Information given Block Start

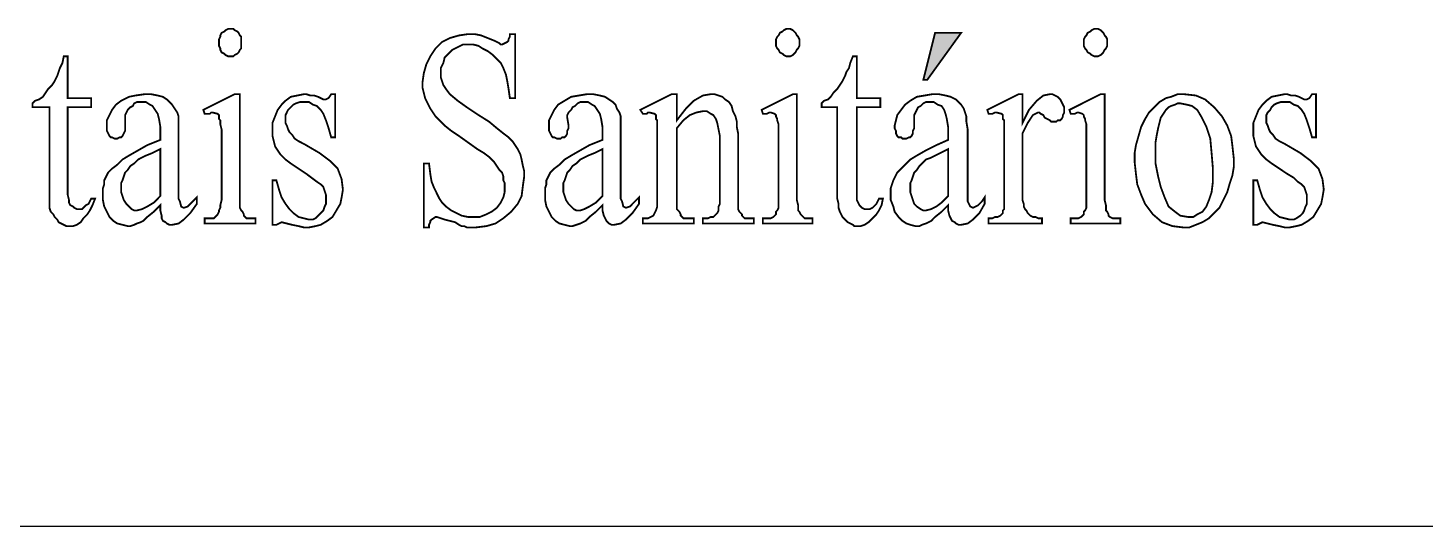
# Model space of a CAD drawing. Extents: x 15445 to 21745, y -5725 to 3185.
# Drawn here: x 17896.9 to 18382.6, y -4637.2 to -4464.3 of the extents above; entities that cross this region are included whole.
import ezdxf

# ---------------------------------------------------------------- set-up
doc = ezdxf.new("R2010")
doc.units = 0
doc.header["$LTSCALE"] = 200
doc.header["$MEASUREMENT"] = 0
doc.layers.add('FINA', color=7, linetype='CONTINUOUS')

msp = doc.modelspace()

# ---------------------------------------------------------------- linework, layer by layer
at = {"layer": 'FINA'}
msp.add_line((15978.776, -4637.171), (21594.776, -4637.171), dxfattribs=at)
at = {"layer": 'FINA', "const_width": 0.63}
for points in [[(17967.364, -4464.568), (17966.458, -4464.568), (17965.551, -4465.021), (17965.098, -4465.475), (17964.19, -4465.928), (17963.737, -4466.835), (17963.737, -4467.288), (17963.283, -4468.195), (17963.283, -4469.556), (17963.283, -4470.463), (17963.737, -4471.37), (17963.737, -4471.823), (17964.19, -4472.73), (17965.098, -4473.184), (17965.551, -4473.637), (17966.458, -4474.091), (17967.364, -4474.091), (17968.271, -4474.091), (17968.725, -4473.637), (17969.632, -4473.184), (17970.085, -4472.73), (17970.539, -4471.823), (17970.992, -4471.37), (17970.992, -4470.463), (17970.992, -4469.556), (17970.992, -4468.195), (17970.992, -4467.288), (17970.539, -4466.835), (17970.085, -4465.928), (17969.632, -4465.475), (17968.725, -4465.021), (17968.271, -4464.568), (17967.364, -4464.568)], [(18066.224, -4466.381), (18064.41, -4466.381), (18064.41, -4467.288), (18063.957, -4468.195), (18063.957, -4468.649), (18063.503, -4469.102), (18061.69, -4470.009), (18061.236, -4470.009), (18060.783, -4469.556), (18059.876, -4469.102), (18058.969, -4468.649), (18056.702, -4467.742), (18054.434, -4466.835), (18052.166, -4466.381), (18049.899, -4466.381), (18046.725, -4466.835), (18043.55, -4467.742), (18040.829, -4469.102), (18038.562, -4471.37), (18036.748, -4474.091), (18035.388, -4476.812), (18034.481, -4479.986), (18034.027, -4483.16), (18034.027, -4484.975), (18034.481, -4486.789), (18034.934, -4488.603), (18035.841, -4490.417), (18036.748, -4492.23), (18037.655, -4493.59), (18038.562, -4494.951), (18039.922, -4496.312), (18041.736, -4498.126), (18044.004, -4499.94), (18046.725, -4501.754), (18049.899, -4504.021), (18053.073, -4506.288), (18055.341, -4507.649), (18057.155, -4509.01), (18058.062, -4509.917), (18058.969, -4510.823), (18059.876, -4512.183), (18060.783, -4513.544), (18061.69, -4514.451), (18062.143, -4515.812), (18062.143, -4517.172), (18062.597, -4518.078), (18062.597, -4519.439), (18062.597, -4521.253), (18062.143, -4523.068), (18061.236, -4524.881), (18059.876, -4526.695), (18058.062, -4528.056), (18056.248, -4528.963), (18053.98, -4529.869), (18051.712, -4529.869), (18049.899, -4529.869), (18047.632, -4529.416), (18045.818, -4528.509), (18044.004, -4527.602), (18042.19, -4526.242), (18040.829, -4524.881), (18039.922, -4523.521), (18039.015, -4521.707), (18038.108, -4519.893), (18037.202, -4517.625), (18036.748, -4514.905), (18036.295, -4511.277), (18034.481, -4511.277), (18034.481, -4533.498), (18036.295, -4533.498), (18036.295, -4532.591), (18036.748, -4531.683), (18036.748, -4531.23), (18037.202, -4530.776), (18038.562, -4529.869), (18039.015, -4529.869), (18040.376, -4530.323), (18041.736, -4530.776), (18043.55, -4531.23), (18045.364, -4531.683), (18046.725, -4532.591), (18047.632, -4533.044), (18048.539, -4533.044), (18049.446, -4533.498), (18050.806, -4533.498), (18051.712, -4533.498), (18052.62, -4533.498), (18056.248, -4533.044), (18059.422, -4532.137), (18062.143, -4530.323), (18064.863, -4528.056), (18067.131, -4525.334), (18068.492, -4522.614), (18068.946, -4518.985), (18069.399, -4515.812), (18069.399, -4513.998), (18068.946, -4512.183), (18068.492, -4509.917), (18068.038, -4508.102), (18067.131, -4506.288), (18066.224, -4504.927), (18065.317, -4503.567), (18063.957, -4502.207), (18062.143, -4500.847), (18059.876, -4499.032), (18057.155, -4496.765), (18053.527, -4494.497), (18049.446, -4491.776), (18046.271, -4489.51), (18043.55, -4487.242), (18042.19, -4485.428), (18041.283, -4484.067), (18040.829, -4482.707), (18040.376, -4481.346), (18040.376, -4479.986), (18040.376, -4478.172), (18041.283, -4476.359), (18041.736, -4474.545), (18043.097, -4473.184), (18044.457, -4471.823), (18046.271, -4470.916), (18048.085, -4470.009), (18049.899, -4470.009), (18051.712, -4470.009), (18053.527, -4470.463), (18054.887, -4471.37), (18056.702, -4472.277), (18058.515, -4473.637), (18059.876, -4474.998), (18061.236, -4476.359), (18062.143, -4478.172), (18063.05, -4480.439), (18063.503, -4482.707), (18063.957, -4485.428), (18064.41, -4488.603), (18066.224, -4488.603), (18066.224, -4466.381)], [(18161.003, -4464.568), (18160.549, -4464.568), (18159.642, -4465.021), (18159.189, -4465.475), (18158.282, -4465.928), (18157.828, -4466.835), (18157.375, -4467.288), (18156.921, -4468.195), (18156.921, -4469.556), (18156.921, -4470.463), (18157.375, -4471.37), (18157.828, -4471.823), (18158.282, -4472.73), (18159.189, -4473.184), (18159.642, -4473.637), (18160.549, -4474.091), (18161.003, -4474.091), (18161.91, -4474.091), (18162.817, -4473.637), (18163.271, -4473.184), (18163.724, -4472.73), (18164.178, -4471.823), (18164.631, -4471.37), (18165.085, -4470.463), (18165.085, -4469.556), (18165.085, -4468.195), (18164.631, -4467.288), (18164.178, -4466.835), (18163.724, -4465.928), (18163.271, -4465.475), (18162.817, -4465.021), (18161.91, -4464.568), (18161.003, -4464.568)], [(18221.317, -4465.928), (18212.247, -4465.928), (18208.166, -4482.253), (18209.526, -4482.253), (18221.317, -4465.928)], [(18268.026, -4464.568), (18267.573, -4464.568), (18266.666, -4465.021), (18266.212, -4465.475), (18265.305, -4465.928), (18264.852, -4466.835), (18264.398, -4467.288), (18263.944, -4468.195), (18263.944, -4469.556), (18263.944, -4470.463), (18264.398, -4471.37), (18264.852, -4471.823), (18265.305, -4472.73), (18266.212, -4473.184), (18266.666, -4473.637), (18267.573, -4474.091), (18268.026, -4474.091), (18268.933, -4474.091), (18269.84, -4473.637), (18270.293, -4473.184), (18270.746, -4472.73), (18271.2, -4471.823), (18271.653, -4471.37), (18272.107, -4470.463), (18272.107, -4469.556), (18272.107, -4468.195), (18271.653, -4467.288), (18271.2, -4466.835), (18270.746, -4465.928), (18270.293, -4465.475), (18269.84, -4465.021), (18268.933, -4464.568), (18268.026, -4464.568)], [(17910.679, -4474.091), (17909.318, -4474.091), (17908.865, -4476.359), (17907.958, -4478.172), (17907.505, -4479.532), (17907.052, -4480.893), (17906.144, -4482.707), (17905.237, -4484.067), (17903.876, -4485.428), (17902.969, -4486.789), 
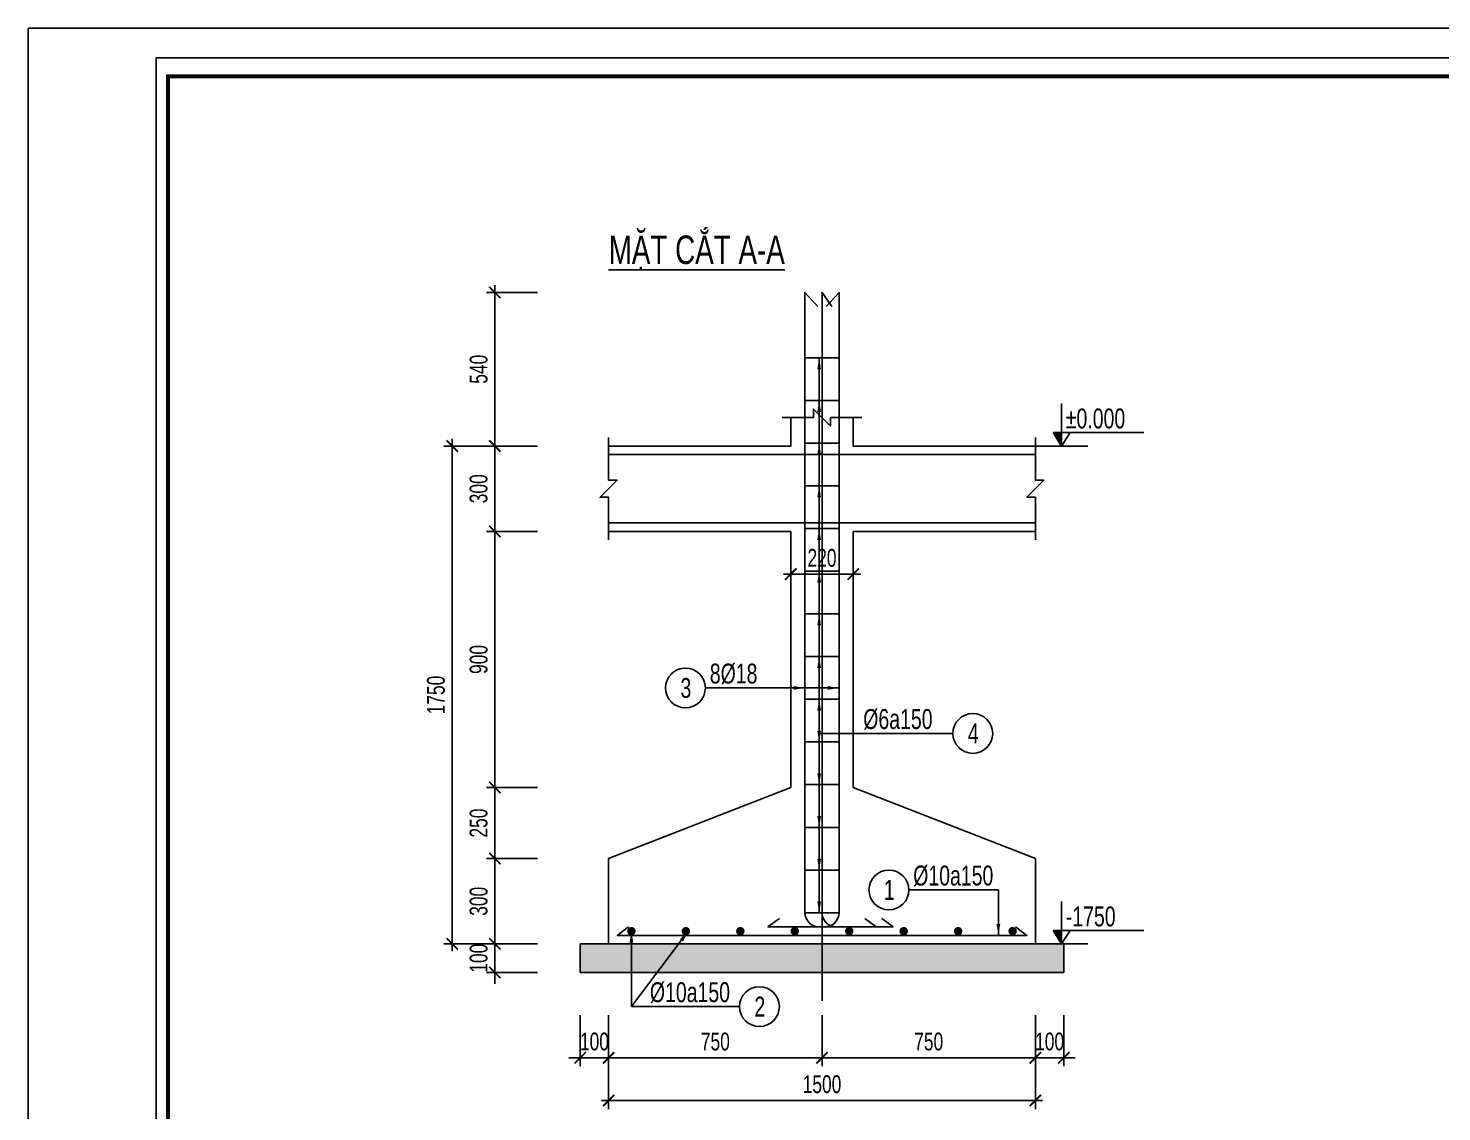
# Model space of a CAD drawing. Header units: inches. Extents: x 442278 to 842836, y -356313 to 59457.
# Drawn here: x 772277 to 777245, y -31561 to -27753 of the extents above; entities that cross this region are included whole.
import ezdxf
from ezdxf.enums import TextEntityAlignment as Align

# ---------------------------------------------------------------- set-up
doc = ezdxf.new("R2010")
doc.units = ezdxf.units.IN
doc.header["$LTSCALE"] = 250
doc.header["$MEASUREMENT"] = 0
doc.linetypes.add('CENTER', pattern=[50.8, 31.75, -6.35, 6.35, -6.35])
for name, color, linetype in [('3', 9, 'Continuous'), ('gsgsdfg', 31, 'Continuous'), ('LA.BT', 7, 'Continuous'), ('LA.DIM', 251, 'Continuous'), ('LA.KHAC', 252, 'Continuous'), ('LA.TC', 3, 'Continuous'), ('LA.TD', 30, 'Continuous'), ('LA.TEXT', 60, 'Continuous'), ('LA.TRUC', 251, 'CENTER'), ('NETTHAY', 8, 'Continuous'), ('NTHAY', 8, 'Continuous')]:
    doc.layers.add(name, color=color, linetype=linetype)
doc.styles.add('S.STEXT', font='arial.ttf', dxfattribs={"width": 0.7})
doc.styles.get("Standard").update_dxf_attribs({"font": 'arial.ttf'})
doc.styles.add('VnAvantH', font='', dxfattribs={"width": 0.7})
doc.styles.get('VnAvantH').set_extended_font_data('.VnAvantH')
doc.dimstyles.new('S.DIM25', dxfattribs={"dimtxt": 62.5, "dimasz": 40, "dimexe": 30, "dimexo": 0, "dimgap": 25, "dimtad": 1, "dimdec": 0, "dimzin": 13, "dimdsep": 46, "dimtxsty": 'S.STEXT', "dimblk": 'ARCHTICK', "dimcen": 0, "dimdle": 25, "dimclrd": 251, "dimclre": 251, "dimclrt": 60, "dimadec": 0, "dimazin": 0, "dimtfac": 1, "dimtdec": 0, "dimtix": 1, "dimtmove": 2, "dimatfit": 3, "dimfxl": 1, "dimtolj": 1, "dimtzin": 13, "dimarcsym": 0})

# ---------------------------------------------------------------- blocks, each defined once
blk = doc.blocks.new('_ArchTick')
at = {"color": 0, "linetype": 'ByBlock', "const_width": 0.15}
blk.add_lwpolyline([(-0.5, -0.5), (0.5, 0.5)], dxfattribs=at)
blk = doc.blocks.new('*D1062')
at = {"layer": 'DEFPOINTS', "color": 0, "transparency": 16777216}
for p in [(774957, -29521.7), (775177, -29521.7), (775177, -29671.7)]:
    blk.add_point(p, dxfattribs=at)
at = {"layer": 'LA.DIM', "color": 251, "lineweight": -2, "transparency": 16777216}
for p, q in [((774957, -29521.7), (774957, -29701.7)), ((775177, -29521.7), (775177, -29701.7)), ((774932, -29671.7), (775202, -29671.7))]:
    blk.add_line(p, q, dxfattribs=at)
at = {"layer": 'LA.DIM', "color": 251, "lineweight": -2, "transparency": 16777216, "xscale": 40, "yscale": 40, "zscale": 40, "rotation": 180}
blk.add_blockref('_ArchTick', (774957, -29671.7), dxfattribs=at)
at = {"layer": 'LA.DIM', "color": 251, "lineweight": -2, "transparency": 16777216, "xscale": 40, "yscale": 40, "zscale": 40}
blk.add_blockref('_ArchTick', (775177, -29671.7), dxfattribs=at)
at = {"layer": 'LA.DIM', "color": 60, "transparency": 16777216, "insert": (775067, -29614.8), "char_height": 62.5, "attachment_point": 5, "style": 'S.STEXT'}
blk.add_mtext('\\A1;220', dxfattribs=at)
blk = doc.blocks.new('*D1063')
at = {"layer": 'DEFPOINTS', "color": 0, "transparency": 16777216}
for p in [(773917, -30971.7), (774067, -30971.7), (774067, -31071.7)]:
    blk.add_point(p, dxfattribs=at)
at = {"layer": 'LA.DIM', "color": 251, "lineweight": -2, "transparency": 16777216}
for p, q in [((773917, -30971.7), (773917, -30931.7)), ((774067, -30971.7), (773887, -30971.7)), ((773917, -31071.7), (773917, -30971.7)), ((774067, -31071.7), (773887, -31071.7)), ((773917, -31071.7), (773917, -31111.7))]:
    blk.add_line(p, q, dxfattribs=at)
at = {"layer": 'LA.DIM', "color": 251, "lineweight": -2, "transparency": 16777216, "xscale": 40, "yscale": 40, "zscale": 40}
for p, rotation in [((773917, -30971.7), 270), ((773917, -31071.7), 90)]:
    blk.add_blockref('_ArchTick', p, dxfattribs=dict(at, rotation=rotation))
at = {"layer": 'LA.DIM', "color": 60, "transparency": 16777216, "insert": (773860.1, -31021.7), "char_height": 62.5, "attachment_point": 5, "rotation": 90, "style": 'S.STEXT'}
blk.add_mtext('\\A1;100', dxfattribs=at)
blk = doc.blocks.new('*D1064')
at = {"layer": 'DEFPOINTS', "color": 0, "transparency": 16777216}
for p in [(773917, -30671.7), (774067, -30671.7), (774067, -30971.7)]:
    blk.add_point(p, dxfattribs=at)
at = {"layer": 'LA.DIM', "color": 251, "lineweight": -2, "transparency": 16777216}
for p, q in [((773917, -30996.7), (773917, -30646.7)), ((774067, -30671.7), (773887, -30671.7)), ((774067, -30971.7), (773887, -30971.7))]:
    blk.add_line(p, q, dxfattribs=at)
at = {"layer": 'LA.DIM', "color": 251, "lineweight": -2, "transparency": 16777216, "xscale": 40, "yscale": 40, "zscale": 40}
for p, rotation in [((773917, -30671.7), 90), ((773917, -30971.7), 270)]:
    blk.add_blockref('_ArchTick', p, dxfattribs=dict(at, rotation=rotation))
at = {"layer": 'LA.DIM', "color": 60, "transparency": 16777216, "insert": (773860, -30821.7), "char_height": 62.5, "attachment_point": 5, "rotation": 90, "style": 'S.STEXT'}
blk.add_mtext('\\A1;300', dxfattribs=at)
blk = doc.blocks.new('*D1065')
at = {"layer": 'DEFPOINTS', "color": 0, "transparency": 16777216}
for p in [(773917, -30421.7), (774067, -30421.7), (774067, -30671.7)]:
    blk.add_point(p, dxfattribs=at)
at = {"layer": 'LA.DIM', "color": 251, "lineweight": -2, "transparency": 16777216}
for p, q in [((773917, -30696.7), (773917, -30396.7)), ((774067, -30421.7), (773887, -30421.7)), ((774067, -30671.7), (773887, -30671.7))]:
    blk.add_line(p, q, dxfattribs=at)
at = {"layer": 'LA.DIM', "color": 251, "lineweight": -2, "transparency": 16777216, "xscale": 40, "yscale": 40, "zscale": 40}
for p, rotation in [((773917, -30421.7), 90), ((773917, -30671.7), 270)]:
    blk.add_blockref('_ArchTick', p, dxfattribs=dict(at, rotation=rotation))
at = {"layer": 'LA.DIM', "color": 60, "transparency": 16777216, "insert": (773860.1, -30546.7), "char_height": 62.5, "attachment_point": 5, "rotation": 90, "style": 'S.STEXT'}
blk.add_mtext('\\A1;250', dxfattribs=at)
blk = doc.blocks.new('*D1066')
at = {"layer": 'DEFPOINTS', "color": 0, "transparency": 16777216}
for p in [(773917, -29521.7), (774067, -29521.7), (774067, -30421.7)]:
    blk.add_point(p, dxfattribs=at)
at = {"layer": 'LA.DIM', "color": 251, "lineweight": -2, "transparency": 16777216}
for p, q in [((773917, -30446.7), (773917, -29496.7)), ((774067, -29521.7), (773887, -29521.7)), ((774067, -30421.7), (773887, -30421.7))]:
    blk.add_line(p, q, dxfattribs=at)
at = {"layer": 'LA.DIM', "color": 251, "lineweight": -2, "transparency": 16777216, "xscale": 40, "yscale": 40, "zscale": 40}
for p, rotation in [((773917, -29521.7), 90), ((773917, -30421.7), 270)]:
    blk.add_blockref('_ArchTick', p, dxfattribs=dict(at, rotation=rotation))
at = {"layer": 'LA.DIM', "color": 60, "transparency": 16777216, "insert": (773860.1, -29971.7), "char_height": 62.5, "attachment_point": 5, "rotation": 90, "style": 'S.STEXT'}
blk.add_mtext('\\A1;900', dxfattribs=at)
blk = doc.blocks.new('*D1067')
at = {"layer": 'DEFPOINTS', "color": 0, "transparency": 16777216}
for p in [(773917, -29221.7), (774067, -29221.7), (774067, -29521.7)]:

Information given Block End

What the task asks:
Using the data above, reproduce exactly the lines between those holding "from ezdxf.enums import" and "-6.35, 6.35, -6.35])", inclusive, and no others.

Worked solution:
from ezdxf.enums import TextEntityAlignment as Align

# ---------------------------------------------------------------- set-up
doc = ezdxf.new("R2010")
doc.units = ezdxf.units.IN
doc.header["$LTSCALE"] = 250
doc.header["$MEASUREMENT"] = 0
doc.linetypes.add('CENTER', pattern=[50.8, 31.75, -6.35, 6.35, -6.35])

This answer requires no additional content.